Pennsylvania biotech Ocugen has raised $7.5 million in a series B round as it fixes its sights on advancing a trio of eye disease treatments into clinical trials.
The new fundraising will help fund additional testing of Ocugen's lead candidate OCU300 for ocular graft-versus-host disease (GVHD)—which has no approved therapies in the U.S.—and help bring two preclinical candidates for retinitis pigmentosa (OCU100) and wet age-related macular degeneration (OCU200) into the clinic for the first time.
Turkish drugmaker Abdi Ibrahim and the Kazakhstan-based JSC Lancaster Group were the co-leaders of the round, along with existing backers Frank Leo, formerly with Cardinal Health, and Bipeptek founder John Zhang, who are both directors of the company.

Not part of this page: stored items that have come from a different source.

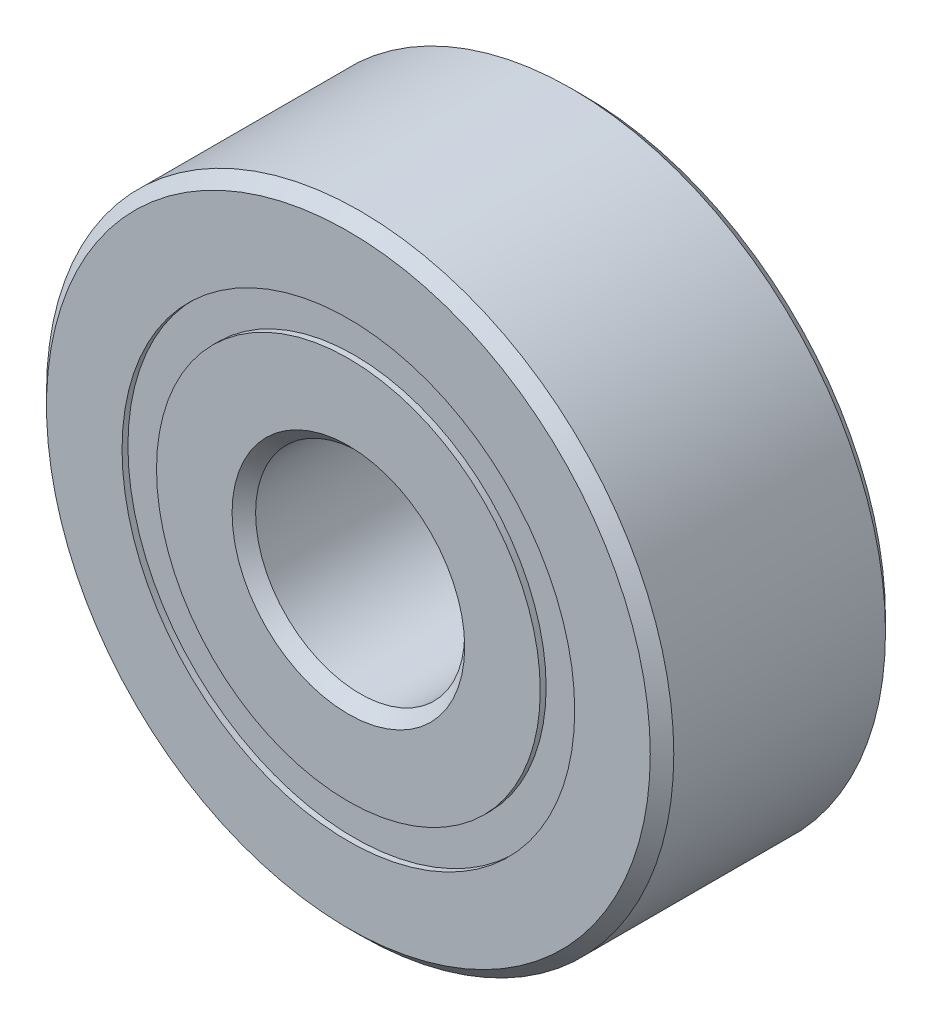
ISO-10303-21;
HEADER;
FILE_DESCRIPTION(('STEP AP214'),'2;1');
FILE_NAME('part.step','',(''),(''),'','','');
FILE_SCHEMA(('AUTOMOTIVE_DESIGN { 1 0 10303 214 1 1 1 1 }'));
ENDSEC;
DATA;
#1=APPLICATION_CONTEXT('core data for automotive mechanical design processes');
#2=APPLICATION_PROTOCOL_DEFINITION('international standard','automotive_design',2000,#1);
#3=PRODUCT_CONTEXT('',#1,'mechanical');
#4=PRODUCT('Part','Part','',(#3));
#5=PRODUCT_RELATED_PRODUCT_CATEGORY('part','',(#4));
#6=PRODUCT_DEFINITION_FORMATION('','',#4);
#7=PRODUCT_DEFINITION_CONTEXT('part definition',#1,'design');
#8=PRODUCT_DEFINITION('design','',#6,#7);
#9=PRODUCT_DEFINITION_SHAPE('','',#8);
#10=(LENGTH_UNIT() NAMED_UNIT(*) SI_UNIT(.MILLI.,.METRE.));
#11=(NAMED_UNIT(*) PLANE_ANGLE_UNIT() SI_UNIT($,.RADIAN.));
#12=(NAMED_UNIT(*) SI_UNIT($,.STERADIAN.) SOLID_ANGLE_UNIT());
#13=UNCERTAINTY_MEASURE_WITH_UNIT(LENGTH_MEASURE(1.E-05),#10,'distance_accuracy_value','');
#14=(GEOMETRIC_REPRESENTATION_CONTEXT(3) GLOBAL_UNCERTAINTY_ASSIGNED_CONTEXT((#13)) GLOBAL_UNIT_ASSIGNED_CONTEXT((#10,
#11,#12)) REPRESENTATION_CONTEXT('',''));
#15=CARTESIAN_POINT('',(0.,0.,0.));
#16=DIRECTION('',(0.,0.,1.));
#17=DIRECTION('',(1.,0.,0.));
#18=AXIS2_PLACEMENT_3D('',#15,#16,#17);
#19=CARTESIAN_POINT('',(0.,6.87335164835165,-3.39328125));
#20=DIRECTION('',(0.,0.,1.));
#21=DIRECTION('',(1.,0.,0.));
#22=AXIS2_PLACEMENT_3D('',#19,#20,#21);
#23=PLANE('',#22);
#24=CARTESIAN_POINT('',(0.,0.,-3.39328125));
#25=DIRECTION('',(0.,0.,1.));
#26=DIRECTION('',(1.,0.,0.));
#27=AXIS2_PLACEMENT_3D('',#24,#25,#26);
#28=CIRCLE('',#27,6.87335164835165);
#29=CARTESIAN_POINT('',(6.87335164835165,0.,-3.39328125));
#30=VERTEX_POINT('',#29);
#31=EDGE_CURVE('E54',#30,#30,#28,.T.);
#32=ORIENTED_EDGE('',*,*,#31,.F.);
#33=EDGE_LOOP('',(#32));
#34=FACE_BOUND('',#33,.T.);
#35=CARTESIAN_POINT('',(0.,0.,-3.39328125));
#36=DIRECTION('',(0.,0.,1.));
#37=DIRECTION('',(1.,0.,0.));
#38=AXIS2_PLACEMENT_3D('',#35,#36,#37);
#39=CIRCLE('',#38,5.82664835164835);
#40=CARTESIAN_POINT('',(5.82664835164835,0.,-3.39328125));
#41=VERTEX_POINT('',#40);
#42=EDGE_CURVE('E11',#41,#41,#39,.T.);
#43=ORIENTED_EDGE('',*,*,#42,.T.);
#44=EDGE_LOOP('',(#43));
#45=FACE_BOUND('',#44,.T.);
#46=ADVANCED_FACE('F40',(#34,#45),#23,.F.);
#47=CARTESIAN_POINT('',(0.,0.,3.571875));
#48=DIRECTION('',(0.,0.,1.));
#49=DIRECTION('',(1.,0.,0.));
#50=AXIS2_PLACEMENT_3D('',#47,#48,#49);
#51=CYLINDRICAL_SURFACE('',#50,5.82664835164835);
#52=ORIENTED_EDGE('',*,*,#42,.F.);
#53=EDGE_LOOP('',(#52));
#54=FACE_BOUND('',#53,.T.);
#55=CARTESIAN_POINT('',(0.,0.,-1.67154216154795));
#56=DIRECTION('',(0.,0.,1.));
#57=DIRECTION('',(1.,0.,0.));
#58=AXIS2_PLACEMENT_3D('',#55,#56,#57);
#59=CIRCLE('',#58,5.82664835164836);
#60=CARTESIAN_POINT('',(5.82664835164836,0.,-1.67154216154795));
#61=VERTEX_POINT('',#60);
#62=EDGE_CURVE('E46',#61,#61,#59,.T.);
#63=ORIENTED_EDGE('',*,*,#62,.T.);
#64=EDGE_LOOP('',(#63));
#65=FACE_BOUND('',#64,.T.);
#66=ADVANCED_FACE('F63',(#54,#65),#51,.F.);
#67=CARTESIAN_POINT('',(0.,6.87335164835165,-1.67154216154795));
#68=DIRECTION('',(0.,0.,-1.));
#69=DIRECTION('',(-1.,0.,0.));
#70=AXIS2_PLACEMENT_3D('',#67,#68,#69);
#71=PLANE('',#70);
#72=ORIENTED_EDGE('',*,*,#62,.F.);
#73=EDGE_LOOP('',(#72));
#74=FACE_BOUND('',#73,.T.);
#75=CARTESIAN_POINT('',(0.,0.,-1.67154216154795));
#76=DIRECTION('',(0.,0.,1.));
#77=DIRECTION('',(1.,0.,0.));
#78=AXIS2_PLACEMENT_3D('',#75,#76,#77);
#79=CIRCLE('',#78,6.87335164835165);
#80=CARTESIAN_POINT('',(6.87335164835165,0.,-1.67154216154795));
#81=VERTEX_POINT('',#80);
#82=EDGE_CURVE('E50',#81,#81,#79,.T.);
#83=ORIENTED_EDGE('',*,*,#82,.T.);
#84=EDGE_LOOP('',(#83));
#85=FACE_BOUND('',#84,.T.);
#86=ADVANCED_FACE('F67',(#74,#85),#71,.F.);
#87=CARTESIAN_POINT('',(0.,0.,3.571875));
#88=DIRECTION('',(0.,0.,1.));
#89=DIRECTION('',(1.,0.,0.));
#90=AXIS2_PLACEMENT_3D('',#87,#88,#89);
#91=CYLINDRICAL_SURFACE('',#90,6.87335164835165);
#92=ORIENTED_EDGE('',*,*,#82,.F.);
#93=EDGE_LOOP('',(#92));
#94=FACE_BOUND('',#93,.T.);
#95=ORIENTED_EDGE('',*,*,#31,.T.);
#96=EDGE_LOOP('',(#95));
#97=FACE_BOUND('',#96,.T.);
#98=ADVANCED_FACE('F60',(#94,#97),#91,.T.);
#99=CLOSED_SHELL('',(#46,#66,#86,#98));
#100=MANIFOLD_SOLID_BREP('B2',#99);
#101=CARTESIAN_POINT('',(0.,6.87335164835165,3.39328125));
#102=DIRECTION('',(0.,0.,-1.));
#103=DIRECTION('',(-1.,0.,0.));
#104=AXIS2_PLACEMENT_3D('',#101,#102,#103);
#105=PLANE('',#104);
#106=CARTESIAN_POINT('',(0.,0.,3.39328125));
#107=DIRECTION('',(0.,0.,1.));
#108=DIRECTION('',(1.,0.,0.));
#109=AXIS2_PLACEMENT_3D('',#106,#107,#108);
#110=CIRCLE('',#109,5.82664835164836);
#111=CARTESIAN_POINT('',(5.82664835164836,0.,3.39328125));
#112=VERTEX_POINT('',#111);
#113=EDGE_CURVE('E39',#112,#112,#110,.T.);
#114=ORIENTED_EDGE('',*,*,#113,.F.);
#115=EDGE_LOOP('',(#114));
#116=FACE_BOUND('',#115,.T.);
#117=CARTESIAN_POINT('',(0.,0.,3.39328125));
#118=DIRECTION('',(0.,0.,1.));
#119=DIRECTION('',(1.,0.,0.));
#120=AXIS2_PLACEMENT_3D('',#117,#118,#119);
#121=CIRCLE('',#120,6.87335164835165);
#122=CARTESIAN_POINT('',(6.87335164835165,0.,3.39328125));
#123=VERTEX_POINT('',#122);
#124=EDGE_CURVE('E122',#123,#123,#121,.T.);
#125=ORIENTED_EDGE('',*,*,#124,.T.);
#126=EDGE_LOOP('',(#125));
#127=FACE_BOUND('',#126,.T.);
#128=ADVANCED_FACE('F108',(#116,#127),#105,.F.);
#129=CARTESIAN_POINT('',(0.,0.,3.571875));
#130=DIRECTION('',(0.,0.,1.));
#131=DIRECTION('',(1.,0.,0.));
#132=AXIS2_PLACEMENT_3D('',#129,#130,#131);
#133=CYLINDRICAL_SURFACE('',#132,5.82664835164836);
#134=CARTESIAN_POINT('',(0.,0.,1.67154216154795));
#135=DIRECTION('',(0.,0.,1.));
#136=DIRECTION('',(1.,0.,0.));
#137=AXIS2_PLACEMENT_3D('',#134,#135,#136);
#138=CIRCLE('',#137,5.82664835164836);
#139=CARTESIAN_POINT('',(5.82664835164836,0.,1.67154216154795));
#140=VERTEX_POINT('',#139);
#141=EDGE_CURVE('E114',#140,#140,#138,.T.);
#142=ORIENTED_EDGE('',*,*,#141,.F.);
#143=EDGE_LOOP('',(#142));
#144=FACE_BOUND('',#143,.T.);
#145=ORIENTED_EDGE('',*,*,#113,.T.);
#146=EDGE_LOOP('',(#145));
#147=FACE_BOUND('',#146,.T.);
#148=ADVANCED_FACE('F137',(#144,#147),#133,.F.);
#149=CARTESIAN_POINT('',(0.,6.87335164835165,1.67154216154795));
#150=DIRECTION('',(0.,0.,1.));
#151=DIRECTION('',(1.,0.,0.));
#152=AXIS2_PLACEMENT_3D('',#149,#150,#151);
#153=PLANE('',#152);
#154=CARTESIAN_POINT('',(0.,0.,1.67154216154795));
#155=DIRECTION('',(0.,0.,1.));
#156=DIRECTION('',(1.,0.,0.));
#157=AXIS2_PLACEMENT_3D('',#154,#155,#156);
#158=CIRCLE('',#157,6.87335164835165);
#159=CARTESIAN_POINT('',(6.87335164835165,0.,1.67154216154795));
#160=VERTEX_POINT('',#159);
#161=EDGE_CURVE('E118',#160,#160,#158,.T.);
#162=ORIENTED_EDGE('',*,*,#161,.F.);
#163=EDGE_LOOP('',(#162));
#164=FACE_BOUND('',#163,.T.);
#165=ORIENTED_EDGE('',*,*,#141,.T.);
#166=EDGE_LOOP('',(#165));
#167=FACE_BOUND('',#166,.T.);
#168=ADVANCED_FACE('F132',(#164,#167),#153,.F.);
#169=CARTESIAN_POINT('',(0.,0.,3.571875));
#170=DIRECTION('',(0.,0.,1.));
#171=DIRECTION('',(1.,0.,0.));
#172=AXIS2_PLACEMENT_3D('',#169,#170,#171);
#173=CYLINDRICAL_SURFACE('',#172,6.87335164835165);
#174=ORIENTED_EDGE('',*,*,#124,.F.);
#175=EDGE_LOOP('',(#174));
#176=FACE_BOUND('',#175,.T.);
#177=ORIENTED_EDGE('',*,*,#161,.T.);
#178=EDGE_LOOP('',(#177));
#179=FACE_BOUND('',#178,.T.);
#180=ADVANCED_FACE('F129',(#176,#179),#173,.T.);
#181=CLOSED_SHELL('',(#128,#148,#168,#180));
#182=MANIFOLD_SOLID_BREP('B6',#181);
#183=CARTESIAN_POINT('',(-3.73243635205714,5.13725791428096,0.));
#184=DIRECTION('',(0.,0.,1.));
#185=DIRECTION('',(-0.587785252292462,0.809016994374955,0.));
#186=AXIS2_PLACEMENT_3D('',#183,#184,#185);
#187=SPHERICAL_SURFACE('',#186,1.67154216154795);
#188=CARTESIAN_POINT('',(-3.73243635205714,5.13725791428096,1.67154216154795));
#189=VERTEX_POINT('',#188);
#190=VERTEX_LOOP('',#189);
#191=FACE_BOUND('',#190,.T.);
#192=ADVANCED_FACE('F175',(#191),#187,.T.);
#193=CLOSED_SHELL('',(#192));
#194=MANIFOLD_SOLID_BREP('B34',#193);
#195=CARTESIAN_POINT('',(-6.0392088784742,1.96225791428098,0.));
#196=DIRECTION('',(0.,0.,1.));
#197=DIRECTION('',(-0.95105651629515,0.309016994374958,0.));
#198=AXIS2_PLACEMENT_3D('',#195,#196,#197);
#199=SPHERICAL_SURFACE('',#198,1.67154216154795);
#200=CARTESIAN_POINT('',(-6.0392088784742,1.96225791428098,1.67154216154795));
#201=VERTEX_POINT('',#200);
#202=VERTEX_LOOP('',#201);
#203=FACE_BOUND('',#202,.T.);
#204=ADVANCED_FACE('F195',(#203),#199,.T.);
#205=CLOSED_SHELL('',(#204));
#206=MANIFOLD_SOLID_BREP('B104',#205);
#207=CARTESIAN_POINT('',(-6.03920887847424,-1.96225791428086,0.));
#208=DIRECTION('',(0.,0.,1.));
#209=DIRECTION('',(-0.951056516295157,-0.309016994374938,0.));
#210=AXIS2_PLACEMENT_3D('',#207,#208,#209);
#211=SPHERICAL_SURFACE('',#210,1.67154216154795);
#212=CARTESIAN_POINT('',(-6.03920887847424,-1.96225791428086,1.67154216154795));
#213=VERTEX_POINT('',#212);
#214=VERTEX_LOOP('',#213);
#215=FACE_BOUND('',#214,.T.);
#216=ADVANCED_FACE('F215',(#215),#211,.T.);
#217=CLOSED_SHELL('',(#216));
#218=MANIFOLD_SOLID_BREP('B171',#217);
#219=CARTESIAN_POINT('',(-3.73243635205725,-5.13725791428088,0.));
#220=DIRECTION('',(0.,0.,1.));
#221=DIRECTION('',(-0.58778525229248,-0.809016994374942,0.));
#222=AXIS2_PLACEMENT_3D('',#219,#220,#221);
#223=SPHERICAL_SURFACE('',#222,1.67154216154795);
#224=CARTESIAN_POINT('',(-3.73243635205725,-5.13725791428088,1.67154216154795));
#225=VERTEX_POINT('',#224);
#226=VERTEX_LOOP('',#225);
#227=FACE_BOUND('',#226,.T.);
#228=ADVANCED_FACE('F235',(#227),#223,.T.);
#229=CLOSED_SHELL('',(#228));
#230=MANIFOLD_SOLID_BREP('B191',#229);
#231=CARTESIAN_POINT('',(0.,-6.35,0.));
#232=DIRECTION('',(0.,0.,1.));
#233=DIRECTION('',(0.,-1.,0.));
#234=AXIS2_PLACEMENT_3D('',#231,#232,#233);
#235=SPHERICAL_SURFACE('',#234,1.67154216154795);
#236=CARTESIAN_POINT('',(0.,-6.35,1.67154216154795));
#237=VERTEX_POINT('',#236);
#238=VERTEX_LOOP('',#237);
#239=FACE_BOUND('',#238,.T.);
#240=ADVANCED_FACE('F255',(#239),#235,.T.);
#241=CLOSED_SHELL('',(#240));
#242=MANIFOLD_SOLID_BREP('B211',#241);
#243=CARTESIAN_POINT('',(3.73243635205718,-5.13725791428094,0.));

Ocugen is biotech entrepreneur Shankar Musunuri's latest venture, having previously set up Nuron Biotech and Iogenetics. He set up the company with co-founder Uday Kompella, an ophthalmology and bioengineering specialist at the University of Colorado-Anschutz Medical Campus who invented OCU100 and OCU200, in 2013.
OCU300—a University of Illinois at Chicago (UIC) project—was licensed to flesh out the portfolio last year, and the new cash will be needed if Ocugen is to stick to its plan to start a phase 3 program in the next few months.
Ocular GVHD is a sight-threatening complication seen in around 40%-60% of patients who undergo donor (allogeneic) stem cell transplants as part of blood cancer treatment, and is marked by dry eye, infections and ocular scarring.
At the moment it is typically managed with artificial tears in mild cases and steroids—which can cause complications such as elevated pressure in the eye, cataracts and eye infections—in patients with more serious symptoms.
OCU300 is a repurposed drug that could take advantage of a shorter regulatory path to market if it fulfills its promise in additional trials, but for now it's not divulging the identity of the active ingredient, saying merely that it has "an established track record in ocular applications." The phase 1/2 candidate has been shown in preliminary testing to improve symptoms in 90% of ocular GVHD patients, according to the biotech.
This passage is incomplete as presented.